Thousands criticise plan for Oswestry's ancient site

Oswestry | News | Published:

A total of 5,620 people from than 20 countries have signed an online petition against plans to build homes in the shadow of one of Shropshire's most prominent ancient monuments.

Campaigners against the plans around Oswestry’s Iron Age hillfort have handed over a copy of the petition to Shirehall bosses

Campaigners against the plans around Oswestry's Iron Age hillfort handed over a copy of the petition to Shirehall bosses on Friday.

Ahead of the handover, the campaigners said they thought up to 4,000 people would back their battle against proposals to develop three parcels of land around the landmark.

But after tallying up all the signatories, the campaigners say total signatures amounted to 5,620 with 1,730 collected from around Oswestry town centre.

John Waine, from the Hands Off Old Oswestry Hillfort campaign, said he was delighted with the support being shown.

"Since the campaign began on August 1, the organisers have been overwhelmed with support from across Oswestry and the county, as well as nationally and internationally with people from over 20 countries such as the United States, South Africa and Egypt declaring their firm objections to these proposals."

Mr Waine said The British Archaeological Trust, known as Rescue, had also added its voice to the campaign.

The body has submitted its own detailed objections to the council, claiming the plans did not comply with national planning policy and would have an unacceptably negative impact on the Old Oswestry hillfort, a statutorily protected Scheduled Ancient Monument.

The Ramblers group in Shropshire has voiced its strong opposition to the proposals stating: "The Ramblers in Shropshire are appalled at the suggestion that houses should be built on land close to and forming part of Oswestry Old Hill Fort.


"This is a historical site of international importance and the idea that it should be encroached on by building development beggars belief.
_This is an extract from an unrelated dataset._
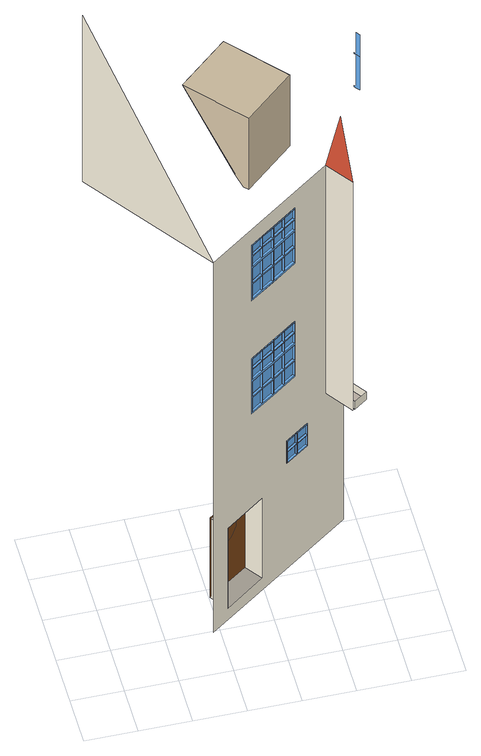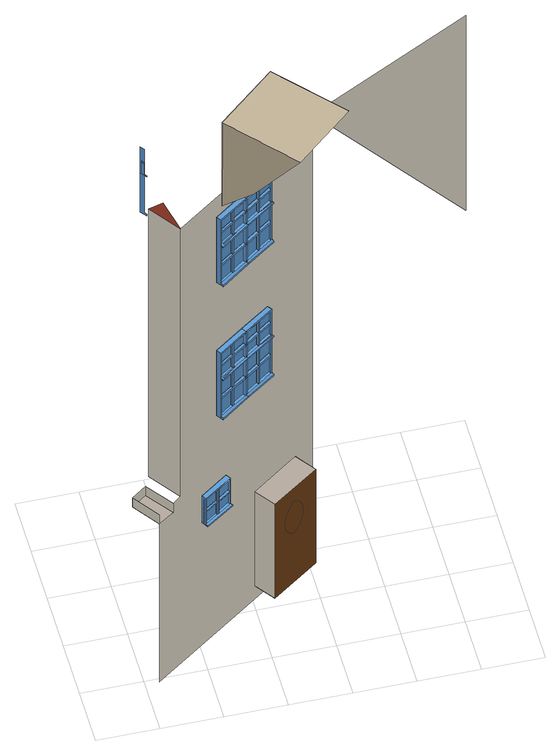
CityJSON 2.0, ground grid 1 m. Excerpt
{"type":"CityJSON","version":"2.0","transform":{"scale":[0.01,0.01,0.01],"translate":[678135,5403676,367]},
"CityObjects":{
"building1":{"type":"Building","attributes":{"measuredHeight":14.04},"children":["building1-1"],"geometry":[{"type":"MultiSurface","lod":"3","boundaries":[[[0,1,2]],[[3,4,5,6]],[[7,6,5,8],[9,10,11,12,13,14,15,16,17,18,19,20,21,22,23,24,25,26,27,28,29,30,31,32]],[[16,15,14,13,12,11,10,9,32,31,30,29,28,27,26,25,24,23,22,21,20,19,18,17]],[[33,3,6,7]],[[4,34,8,5]],[[35,36,37,38,39,40,41]],[[40,39,42,43,44,45,46]],[[47,48,49,50,51,52,53]],[[52,51,54,55,56,57,58]],[[59,60,61,62]],[[63,64,65,66]],[[65,60,59,66]],[[67,68,69,70]],[[71,72,73,74]],[[73,68,67,74]],[[75,76,77,78]],[[79,80,81,82]],[[81,76,75,82]],[[83,84,85,86]],[[87,88,89,90]],[[89,84,83,90]],[[91,65,64,92]],[[93,61,60,94]],[[95,73,72,96]],[[97,69,68,98]],[[99,81,80,100]],[[101,77,76,102]],[[103,89,88,104]],[[105,85,84,106]],[[107,108,64,63]],[[109,110,60,59]],[[111,112,72,71]],[[113,114,68,67]],[[115,116,80,79]],[[117,118,76,75]],[[119,120,88,87]],[[121,122,84,83]],[[66,65,123,124]],[[62,61,125,126]],[[74,73,127,128]],[[70,69,129,130]],[[82,81,131,132]],[[78,77,133,134]],[[90,89,135,136]],[[86,85,137,138]],[[73,68,114,127]],[[65,60,110,123]],[[64,65,123,108]],[[60,61,125,110]],[[68,69,129,114]],[[72,73,127,112]],[[89,84,122,135]],[[81,76,118,131]],[[80,81,131,116]],[[76,77,133,118]],[[84,85,137,122]],[[88,89,135,120]],[[139,125,61,93]],[[140,123,65,91]],[[141,127,73,95]],[[142,129,69,97]],[[143,133,77,101]],[[144,131,81,99]],[[145,135,89,103]],[[146,137,85,105]],[[92,64,108,147]],[[94,60,110,148]],[[96,72,112,149]],[[98,68,114,150]],[[100,80,116,151]],[[102,76,118,152]],[[104,88,120,153]],[[106,84,122,154]],[[34,33,7,8]],[[155,156,43,44]],[[157,158,37,38]],[[159,160,55,56]],[[161,162,49,50]],[[163,155,44,45]],[[164,157,38,39]],[[165,159,56,57]],[[166,161,50,51]],[[156,167,168,169,126,62,42,43]],[[158,170,171,172,130,70,36,37]],[[160,173,174,175,134,78,54,55]],[[162,176,177,178,138,86,48,49]],[[126,125,110,109]],[[124,123,108,107]],[[130,129,114,113]],[[128,127,112,111]],[[134,133,118,117]],[[132,131,116,115]],[[138,137,122,121]],[[136,135,120,119]],[[42,39,164,167,168,179,180,181,182,107,63,66,59,62]],[[54,51,166,173,174,183,184,185,186,115,79,82,75,78]],[[187,170,171,188,189,190,191,111,71,74,67,70,36,35]],[[192,176,177,193,194,195,196,119,87,90,83,86,48,47]],[[182,197,124,107]],[[126,109,198,169]],[[130,113,199,172]],[[191,200,128,111]],[[186,201,132,115]],[[134,117,202,175]],[[138,121,203,178]],[[196,204,136,119]],[[59,66,124,197,180,179,198,109]],[[67,74,128,200,189,188,199,113]],[[75,82,132,201,184,183,202,117]],[[83,90,136,204,194,193,203,121]],[[205,108,107,182]],[[206,110,109,198]],[[123,207,197,124]],[[125,208,169,126]],[[129,209,172,130]],[[210,112,111,191]],[[211,114,113,199]],[[127,212,200,128]],[[213,116,115,186]],[[214,118,117,202]],[[131,215,201,132]],[[133,216,175,134]],[[137,217,178,138]],[[218,120,119,196]],[[219,122,121,203]],[[135,220,204,136]],[[147,108,123,140]],[[148,110,125,139]],[[149,112,127,141]],[[150,114,129,142]],[[151,116,131,144]],[[152,118,133,143]],[[153,120,135,145]],[[154,122,137,146]],[[187,35,41,221]],[[192,47,53,222]],[[123,110,206,207]],[[205,108,123,207]],[[127,114,211,212]],[[210,112,127,212]],[[131,118,214,215]],[[213,116,131,215]],[[135,122,219,220]],[[218,120,135,220]],[[208,206,110,125]],[[45,163,223,46]],[[209,211,114,129]],[[216,214,118,133]],[[57,165,224,58]],[[217,219,122,137]],[[198,206,208,169]],[[182,205,207,197]],[[191,210,212,200]],[[199,211,209,172]],[[202,214,216,175]],[[186,213,215,201]],[[196,218,220,204]],[[203,219,217,178]],[[225,207,205,226]],[[227,208,206,228]],[[229,212,210,230]],[[231,209,211,232]],[[233,215,213,234]],[[235,216,214,236]],[[237,220,218,238]],[[239,217,219,240]],[[200,212,241,189]],[[169,208,242,168]],[[197,207,243,180]],[[181,244,205,182]],[[179,245,206,198]],[[188,246,211,199]],[[172,209,247,171]],[[190,248,210,191]],[[204,220,249,194]],[[175,216,250,174]],[[201,215,251,184]],[[185,252,213,186]],[[183,253,214,202]],[[193,254,219,203]],[[178,217,255,177]],[[195,256,218,196]],[[245,243,207,206]],[[243,244,205,207]],[[242,245,206,208]],[[246,241,212,211]],[[241,248,210,212]],[[247,246,211,209]],[[253,251,215,214]],[[251,252,213,215]],[[250,253,214,216]],[[254,249,220,219]],[[249,256,218,220]],[[255,254,219,217]],[[230,210,248,257]],[[226,205,244,258]],[[259,242,208,227]],[[228,206,245,260]],[[261,243,207,225]],[[232,211,246,262]],[[263,247,209,231]],[[264,241,212,229]],[[238,218,256,265]],[[234,213,252,266]],[[267,250,216,235]],[[236,214,253,268]],[[269,251,215,233]],[[240,219,254,270]],[[271,255,217,239]],[[272,249,220,237]],[[273,274,221,41,40,46,223],[275,276,277,278],[279,280,281,282],[283,284,285,286],[287,288,289,290],[139,93,94,148],[91,92,147,140],[258,261,225,226],[260,259,227,228],[257,264,229,230],[231,232,262,263],[97,98,150,142],[149,141,95,96],[291,292,293,294],[295,296,297,298],[299,300,301,302],[303,304,305,306]],[[307,308,222,53,52,58,224],[309,310,311,312],[313,314,315,316],[317,318,319,320],[321,322,323,324],[143,101,102,152],[99,100,151,144],[266,269,233,234],[268,267,235,236],[265,272,237,238],[239,240,270,271],[105,106,154,146],[153,145,103,104],[325,326,327,328],[329,330,331,332],[333,334,335,336],[337,338,339,340]],[[163,167,156,155]],[[164,170,158,157]],[[165,173,160,159]],[[166,176,162,161]],[[180,243,244,181]],[[168,242,245,179]],[[245,243,180,179]],[[189,241,248,190]],[[171,247,246,188]],[[246,241,189,188]],[[184,251,252,185]],[[174,250,253,183]],[[253,251,184,183]],[[194,249,256,195]],[[177,255,254,193]],[[254,249,194,193]],[[262,246,247,263]],[[260,245,242,259]],[[258,244,243,261]],[[257,248,241,264]],[[270,254,255,271]],[[268,253,250,267]],[[266,252,251,269]],[[265,256,249,272]],[[341,342,343,344]],[[345,342,341,346]],[[347,348,345,346]],[[349,350,351,352]],[[353,354,355,356]],[[355,350,349,356]],[[357,358,359,360]],[[361,358,357,362]],[[363,364,361,362]],[[365,366,367,368]],[[369,370,371,372]],[[371,366,365,372]],[[283,345,348,284]],[[288,343,342,289]],[[295,351,350,296]],[[293,355,354,294]],[[317,361,364,318]],[[322,359,358,323]],[[329,367,366,330]],[[327,371,370,328]],[[373,374,348,347]],[[375,376,342,341]],[[377,378,354,353]],[[379,380,350,349]],[[381,382,364,363]],[[383,384,358,357]],[[385,386,370,369]],[[387,388,366,365]],[[346,345,389,390]],[[344,343,391,392]],[[356,355,393,394]],[[352,351,395,396]],[[362,361,397,398]],[[360,359,399,400]],[[372,371,401,402]],[[368,367,403,404]],[[348,345,389,374]],[[345,342,376,389]],[[342,343,391,376]],[[355,350,380,393]],[[350,351,395,380]],[[354,355,393,378]],[[364,361,397,382]],[[361,358,384,397]],[[358,359,399,384]],[[371,366,388,401]],[[366,367,403,388]],[[370,371,401,386]],[[287,391,343,288]],[[286,389,345,283]],[[284,348,374,285]],[[289,342,376,290]],[[292,393,355,293]],[[294,354,378,291]],[[298,395,351,295]],[[296,350,380,297]],[[321,399,359,322]],[[320,397,361,317]],[[318,364,382,319]],[[323,358,384,324]],[[326,401,371,327]],[[328,370,386,325]],[[332,403,367,329]],[[330,366,388,331]],[[405,156,155,406]],[[407,158,157,408]],[[409,160,159,410]],[[411,162,161,412]],[[408,157,164,413]],[[406,155,163,414]],[[412,161,166,415]],[[410,159,165,416]],[[344,167,156,405,417,418,419,392]],[[352,170,158,407,420,421,422,396]],[[360,173,160,409,423,424,425,400]],[[368,176,162,411,426,427,428,404]],[[344,167,164,413,417,418,429,430,431,432,373,347,346,341]],[[352,170,187,433,420,421,434,435,436,437,377,353,356,349]],[[360,173,166,415,423,424,438,439,440,441,381,363,362,357]],[[368,176,192,442,426,427,443,444,445,446,385,369,372,365]],[[392,391,376,375]],[[390,389,374,373]],[[396,395,380,379]],[[394,393,378,377]],[[400,399,384,383]],[[398,397,382,381]],[[404,403,388,387]],[[402,401,386,385]],[[341,346,390,447,430,429,448,375]],[[349,356,394,449,435,434,450,379]],[[357,362,398,451,439,438,452,383]],[[365,372,402,453,444,443,454,387]],[[432,447,390,373]],[[437,449,394,377]],[[441,451,398,381]],[[446,453,402,385]],[[392,375,448,419]],[[396,379,450,422]],[[400,383,452,425]],[[404,387,454,428]],[[455,374,373,432]],[[456,376,375,448]],[[457,378,377,437]],[[458,380,379,450]],[[459,382,381,441]],[[460,384,383,452]],[[461,386,385,446]],[[462,388,387,454]],[[389,463,447,390]],[[391,464,419,392]],[[395,465,422,396]],[[393,466,449,394]],[[397,467,451,398]],[[399,468,425,400]],[[403,469,428,404]],[[401,470,453,402]],[[285,374,389,286]],[[290,376,391,287]],[[291,378,393,292]],[[297,380,395,298]],[[319,382,397,320]],[[324,384,399,321]],[[325,386,401,326]],[[331,388,403,332]],[[273,223,163,414]],[[433,187,221,274]],[[307,224,165,416]],[[442,192,222,308]],[[389,376,456,463]],[[393,380,458,466]],[[397,384,460,467]],[[401,388,462,470]],[[455,374,389,463]],[[464,456,376,391]],[[465,458,380,395]],[[457,378,393,466]],[[459,382,397,467]],[[468,460,384,399]],[[469,462,388,403]],[[461,386,401,470]],[[448,456,464,419]],[[432,455,463,447]],[[450,458,465,422]],[[437,457,466,449]],[[452,460,468,425]],[[441,459,467,451]],[[454,462,469,428]],[[446,461,470,453]],[[281,463,455,282]],[[277,464,456,278]],[[305,466,457,306]],[[299,465,458,300]],[[315,467,459,316]],[[311,468,460,312]],[[339,470,461,340]],[[333,469,462,334]],[[471,472,473,474,475,476,477]],[[478,479,480,481]],[[482,483,484,485]],[[484,479,478,485]],[[486,484,483,487]],[[488,480,479,489]],[[431,490,455,432]],[[429,491,456,448]],[[434,492,458,450]],[[436,493,457,437]],[[440,494,459,441]],[[438,495,460,452]],[[443,496,462,454]],[[445,497,461,446]],[[419,464,498,418]],[[447,463,499,430]],[[449,466,500,435]],[[422,465,501,421]],[[425,468,502,424]],[[451,467,503,439]],[[453,470,504,444]],[[428,469,505,427]],[[491,499,463,456]],[[499,490,455,463]],[[492,500,466,458]],[[498,491,456,464]],[[500,493,457,466]],[[501,492,458,465]],[[495,503,467,460]],[[503,494,459,467]],[[496,504,470,462]],[[502,495,460,468]],[[504,497,461,470]],[[505,496,462,469]],[[280,499,463,281]],[[276,498,464,277]],[[302,501,465,299]],[[304,500,466,305]],[[314,503,467,315]],[[310,502,468,311]],[[336,505,469,333]],[[338,504,470,339]],[[282,455,490,279]],[[278,456,491,275]],[[306,457,493,303]],[[300,458,492,301]],[[316,459,494,313]],[[312,460,495,309]],[[340,461,497,337]],[[334,462,496,335]],[[485,484,506,507]],[[481,480,508,509]],[[510,511,483,482]],[[512,513,479,478]],[[484,479,513,506]],[[483,484,506,511]],[[479,480,508,513]],[[487,483,511,514]],[[515,508,480,488]],[[516,506,484,486]],[[489,479,513,517]],[[417,414,406,405]],[[420,413,408,407]],[[423,416,410,409]],[[426,415,412,411]],[[430,499,490,431]],[[418,498,491,429]],[[491,499,430,429]],[[435,500,493,436]],[[421,501,492,434]],[[492,500,435,434]],[[439,503,494,440]],[[424,502,495,438]],[[495,503,439,438]],[[444,504,497,445]],[[427,505,496,443]],[[496,504,444,443]],[[275,491,498,276]],[[279,490,499,280]],[[301,492,501,302]],[[303,493,500,304]],[[309,495,502,310]],[[313,494,503,314]],[[335,496,505,336]],[[337,497,504,338]],[[433,274,273,414,417,413,420]],[[442,308,307,416,423,415,426]],[[518,519,473,474]],[[520,518,474,475]],[[519,521,522,523,509,481,472,473]],[[509,508,513,512]],[[507,506,511,510]],[[524,525,507,510]],[[509,512,526,523]],[[478,485,507,525,527,528,526,512]],[[529,521,522,528,527,530,524,510,482,485,478,481,472,471]],[[508,531,523,509]],[[532,513,512,526]],[[533,511,510,524]],[[506,534,525,507]],[[475,520,535,476]],[[529,471,477,536]],[[517,513,508,515]],[[514,511,506,516]],[[506,513,532,534]],[[533,511,506,534]],[[531,532,513,508]],[[526,532,531,523]],[[524,533,534,525]],[[535,536,477,476],[537,538,539,540],[541,542,543,544],[488,489,517,515],[514,516,486,487]],[[539,534,533,540]],[[541,531,532,542]],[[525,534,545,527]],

"There are many other sites in the Oswestry area that can provide suitable land for development without touching this treasure."

The proposals are part of Shropshire Council's wide-reaching SAMDev development plan which will govern what is built in the county for the next decade and more.

The consultation closed on Friday and council chiefs are now considering the responses.


But they have already said the housing proposals around the Hill Fort seek to bring benefits to Oswestry.

Mal Price, Shropshire Council Cabinet member with responsibility for planning, said initial housing plans had already been scaled back.

He said the latest proposal seeks to find a balance between protecting the historic landmark, and meeting the local need for development.

Mr Price added: "The planned development could provide a vast improvement to access and parking at the Hillfort, which can only be good news for the site and the wider visitor economy of Oswestry."

Council bosses added they had worked closely with English Heritage and the promoter of housing sites near the monument to assess the potential impacts of further housing development on the hill fort.

They said those discussions had resulted in a significant reduction in the scale of development near the hill fort, relative to that illustrated in the previous SAMDev consultation last year.

The latest draft version of the SAMDev Plan was published for public consultation on July 1 for a period of eight weeks.

The next version of the SAMDev Plan will be published for consultation towards the end of 2013.

Unresolved objections to any of the SAMDev proposals will be considered by an independent planning inspector during 2014, who may recommend changes before the plan is adopted in 2015.